Retired people he met at a Te Atatu bowling club were selling for about $900,000 and buying in the Waikato for only about $400,000.
"They're pocketing a big cash windfall. This is a matter of financial survival," Mr Twyford said.
University of Auckland property professor Larry Murphy is also concerned about the effects.
"Locals in those regions might actually suffer with higher house prices. Vendors might be excited or happy but new families might find it challenging to buy a house," he said.
He also understood why Aucklanders shifted south: "When you're getting older, do you want to move out of the city and live in a smaller town? Also, the search for lifestyle, living in coastal areas with high amenity ... if this becomes more pronounced, potentially those other markets will start appreciating, " Dr Murphy said.
The CoreLogic numbers indicate this is already happening.
"Aucklanders are paying a premium and driving up local prices. The average price paid by Aucklanders in the Waikato so far this year is $398,000, an average of $22,000 more than the locals. They are paying an average of 11.4 per cent above CV compared to non-Aucklanders who are paying just 6.7 per cent above CV," Mr Farmer said.
"In Tauranga, it's a similar trend. People moving from Auckland are paying an average 15.2 per cent above CV, 1 per cent more than locals. In dollar terms, that equates to an average price paid by an Aucklander of $533,000 compared to $475,000 by a local," Mr Farmer said.
Shamubeel Eaqub, the economist who with wife Selena wrote Generation Rent, said Aucklanders were spreading their housing problems.
"The housing market remains broken. We have to fix the supply of land, infrastructure and houses. Taxes on capital gains need to be rigorously implemented and negative gearing abolished," he said.
"Banking rules that push them to lend to mortgages rather than entrepreneurship needs to change.
"And finally, we need to fix rental rules to give greater certainty of tenure for renters and make even a rented place a home."
Off to Tauranga ...
"It's a rat race," says Aucklander Casey Paki of life in the city.
He spends more than an hour commuting from west Auckland into the city centre, where he works. "So I'm leaving."
Fortunately, Mr Paki works for a business with offices around New Zealand, including the Bay of Plenty, so he is able to relocate without any work worries.
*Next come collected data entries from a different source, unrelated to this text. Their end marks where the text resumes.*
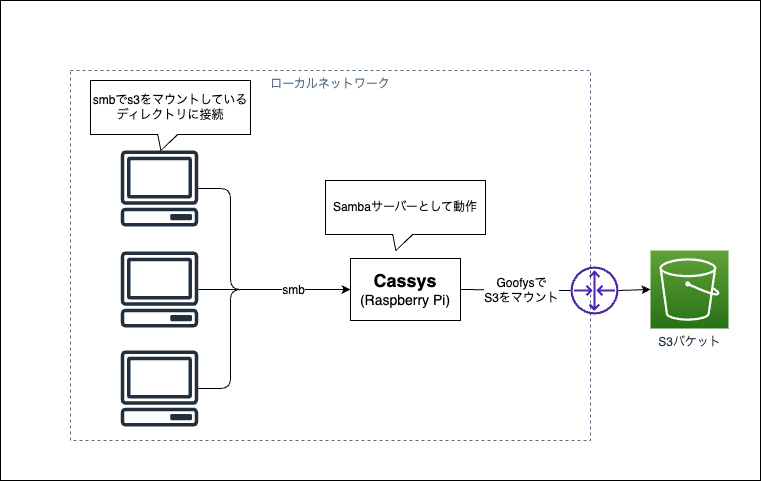

The diagram above was exported from draw.io. Its source (the exported page's mxGraphModel, read from the mxfile embedded in the PNG):
<mxGraphModel dx="1069" dy="1048" grid="1" gridSize="10" guides="1" tooltips="1" connect="1" arrows="1" fold="1" page="1" pageScale="1" pageWidth="827" pageHeight="1169" math="0" shadow="0">
  <root>
    <mxCell id="0" />
    <mxCell id="1" parent="0" />
    <mxCell id="13" value="" style="rounded=0;whiteSpace=wrap;html=1;" vertex="1" parent="1">
      <mxGeometry x="40" y="230" width="760" height="480" as="geometry" />
    </mxCell>
    <mxCell id="5" value="ローカルネットワーク" style="fillColor=none;strokeColor=#5A6C86;dashed=1;verticalAlign=top;fontStyle=0;fontColor=#5A6C86;" vertex="1" parent="1">
      <mxGeometry x="110" y="300" width="520" height="370" as="geometry" />
    </mxCell>
    <mxCell id="2" value="S3バケット" style="sketch=0;points=[[0,0,0],[0.25,0,0],[0.5,0,0],[0.75,0,0],[1,0,0],[0,1,0],[0.25,1,0],[0.5,1,0],[0.75,1,0],[1,1,0],[0,0.25,0],[0,0.5,0],[0,0.75,0],[1,0.25,0],[1,0.5,0],[1,0.75,0]];outlineConnect=0;fontColor=#232F3E;gradientColor=#60A337;gradientDirection=north;fillColor=#277116;strokeColor=#ffffff;dashed=0;verticalLabelPosition=bottom;verticalAlign=top;align=center;html=1;fontSize=12;fontStyle=0;aspect=fixed;shape=mxgraph.aws4.resourceIcon;resIcon=mxgraph.aws4.s3;" vertex="1" parent="1">
      <mxGeometry x="690" y="480" width="78" height="78" as="geometry" />
    </mxCell>
    <mxCell id="3" value="&lt;font style=&quot;&quot;&gt;&lt;font style=&quot;font-size: 18px;&quot;&gt;&lt;b&gt;Cassys&lt;/b&gt;&lt;/font&gt;&lt;br&gt;&lt;span style=&quot;font-size: 14px;&quot;&gt;(Raspberry Pi)&lt;/span&gt;&lt;/font&gt;" style="rounded=0;whiteSpace=wrap;html=1;" vertex="1" parent="1">
      <mxGeometry x="390" y="488" width="110" height="62" as="geometry" />
    </mxCell>
    <mxCell id="6" value="" style="endArrow=classic;html=1;entryX=0;entryY=0.5;entryDx=0;entryDy=0;entryPerimeter=0;exitX=1;exitY=0.5;exitDx=0;exitDy=0;startArrow=none;" edge="1" parent="1" source="4" target="2">
      <mxGeometry width="50" height="50" relative="1" as="geometry">
        <mxPoint x="320" y="560" as="sourcePoint" />
        <mxPoint x="370" y="510" as="targetPoint" />
      </mxGeometry>
    </mxCell>
    <mxCell id="7" value="" style="sketch=0;outlineConnect=0;fontColor=#232F3E;gradientColor=none;fillColor=#232F3D;strokeColor=none;dashed=0;verticalLabelPosition=bottom;verticalAlign=top;align=center;html=1;fontSize=12;fontStyle=0;aspect=fixed;pointerEvents=1;shape=mxgraph.aws4.client;" vertex="1" parent="1">
      <mxGeometry x="160" y="380" width="78" height="76" as="geometry" />
    </mxCell>
    <mxCell id="8" value="" style="sketch=0;outlineConnect=0;fontColor=#232F3E;gradientColor=none;fillColor=#232F3D;strokeColor=none;dashed=0;verticalLabelPosition=bottom;verticalAlign=top;align=center;html=1;fontSize=12;fontStyle=0;aspect=fixed;pointerEvents=1;shape=mxgraph.aws4.client;" vertex="1" parent="1">
      <mxGeometry x="160" y="481" width="78" height="76" as="geometry" />
    </mxCell>
    <mxCell id="9" value="" style="sketch=0;outlineConnect=0;fontColor=#232F3E;gradientColor=none;fillColor=#232F3D;strokeColor=none;dashed=0;verticalLabelPosition=bottom;verticalAlign=top;align=center;html=1;fontSize=12;fontStyle=0;aspect=fixed;pointerEvents=1;shape=mxgraph.aws4.client;" vertex="1" parent="1">
      <mxGeometry x="160" y="580" width="78" height="76" as="geometry" />
    </mxCell>
    <mxCell id="10" value="" style="endArrow=classic;html=1;entryX=0;entryY=0.5;entryDx=0;entryDy=0;" edge="1" parent="1" source="8" target="3">
      <mxGeometry width="50" height="50" relative="1" as="geometry">
        <mxPoint x="320" y="560" as="sourcePoint" />
        <mxPoint x="370" y="510" as="targetPoint" />
      </mxGeometry>
    </mxCell>
    <mxCell id="11" value="" style="endArrow=classic;html=1;entryX=0;entryY=0.5;entryDx=0;entryDy=0;" edge="1" parent="1" source="7" target="3">
      <mxGeometry width="50" height="50" relative="1" as="geometry">
        <mxPoint x="320" y="560" as="sourcePoint" />
        <mxPoint x="370" y="510" as="targetPoint" />
        <Array as="points">
          <mxPoint x="270" y="418" />
          <mxPoint x="270" y="519" />
        </Array>
      </mxGeometry>
    </mxCell>
    <mxCell id="12" value="" style="endArrow=classic;html=1;entryX=0;entryY=0.5;entryDx=0;entryDy=0;" edge="1" parent="1" source="9" target="3">
      <mxGeometry width="50" height="50" relative="1" as="geometry">
        <mxPoint x="320" y="560" as="sourcePoint" />
        <mxPoint x="370" y="510" as="targetPoint" />
        <Array as="points">
          <mxPoint x="270" y="618" />
          <mxPoint x="270" y="519" />
        </Array>
      </mxGeometry>
    </mxCell>
    <mxCell id="18" value="smb" style="edgeLabel;html=1;align=center;verticalAlign=middle;resizable=0;points=[];fontSize=12;" vertex="1" connectable="0" parent="12">
      <mxGeometry x="0.5464" relative="1" as="geometry">
        <mxPoint as="offset" />
      </mxGeometry>
    </mxCell>
    <mxCell id="14" value="" style="endArrow=none;html=1;entryX=0;entryY=0.5;entryDx=0;entryDy=0;entryPerimeter=0;exitX=1;exitY=0.5;exitDx=0;exitDy=0;" edge="1" parent="1" source="3" target="4">
      <mxGeometry width="50" height="50" relative="1" as="geometry">
        <mxPoint x="460" y="519" as="sourcePoint" />
        <mxPoint x="690" y="519" as="targetPoint" />
      </mxGeometry>
    </mxCell>
    <mxCell id="15" value="&lt;font style=&quot;font-size: 12px;&quot;&gt;Goofysで&lt;br&gt;S3をマウント&lt;/font&gt;" style="edgeLabel;html=1;align=center;verticalAlign=middle;resizable=0;points=[];" vertex="1" connectable="0" parent="14">
      <mxGeometry x="-0.0804" y="4" relative="1" as="geometry">
        <mxPoint x="9" y="4" as="offset" />
      </mxGeometry>
    </mxCell>
    <mxCell id="4" value="" style="sketch=0;outlineConnect=0;fontColor=#232F3E;gradientColor=none;fillColor=#4D27AA;strokeColor=none;dashed=0;verticalLabelPosition=bottom;verticalAlign=top;align=center;html=1;fontSize=12;fontStyle=0;aspect=fixed;pointerEvents=1;shape=mxgraph.aws4.router;" vertex="1" parent="1">
      <mxGeometry x="610" y="496" width="48" height="48" as="geometry" />
    </mxCell>
    <mxCell id="17" value="smbでs3をマウントしている&lt;br&gt;ディレクトリに接続" style="shape=callout;whiteSpace=wrap;html=1;perimeter=calloutPerimeter;fontSize=12;position2=0.44;size=16;position=0.42;" vertex="1" parent="1">
      <mxGeometry x="130" y="310" width="160" height="70" as="geometry" />
    </mxCell>
    <mxCell id="20" value="Sambaサーバーとして動作" style="shape=callout;whiteSpace=wrap;html=1;perimeter=calloutPerimeter;fontSize=12;position2=0.44;size=16;position=0.42;" vertex="1" parent="1">
      <mxGeometry x="365" y="410" width="160" height="70" as="geometry" />
    </mxCell>
  </root>
</mxGraphModel>

Tauranga is his pick, mainly for the lifestyle and lower house prices. "It'll take me five minutes to get to work there. I'm just not seeing enough of my kids at the moment," he said.
He is pondering selling the family home and buying in Tauranga, although he has some concerns about the timing.
"If we don't get into the Tauranga market in the next year, we might miss out," he said. Mr Paki will make his job change next week - and will start looking at Tauranga houses.
Off to Hamilton ...
Aucklander Lesley Mason is fed up with Auckland's traffic jams.
The pace of life got to her, so she plans to move to Hamilton at the end of this month. "I've been renting in Auckland but I've bought in Hamilton. We looked in Auckland but couldn't find anything so we're getting transferred. I do love Auckland but the traffic is insane. I lived in Johannesburg and that had worse traffic but I've had enough of the traffic here and the congestion."
She lives in Avondale but works in Royal Oak.
"I would have bought here if prices had not soared," she said.
Hamilton real estate agent Cathy O'Shea said Ms Mason's timing was shrewd.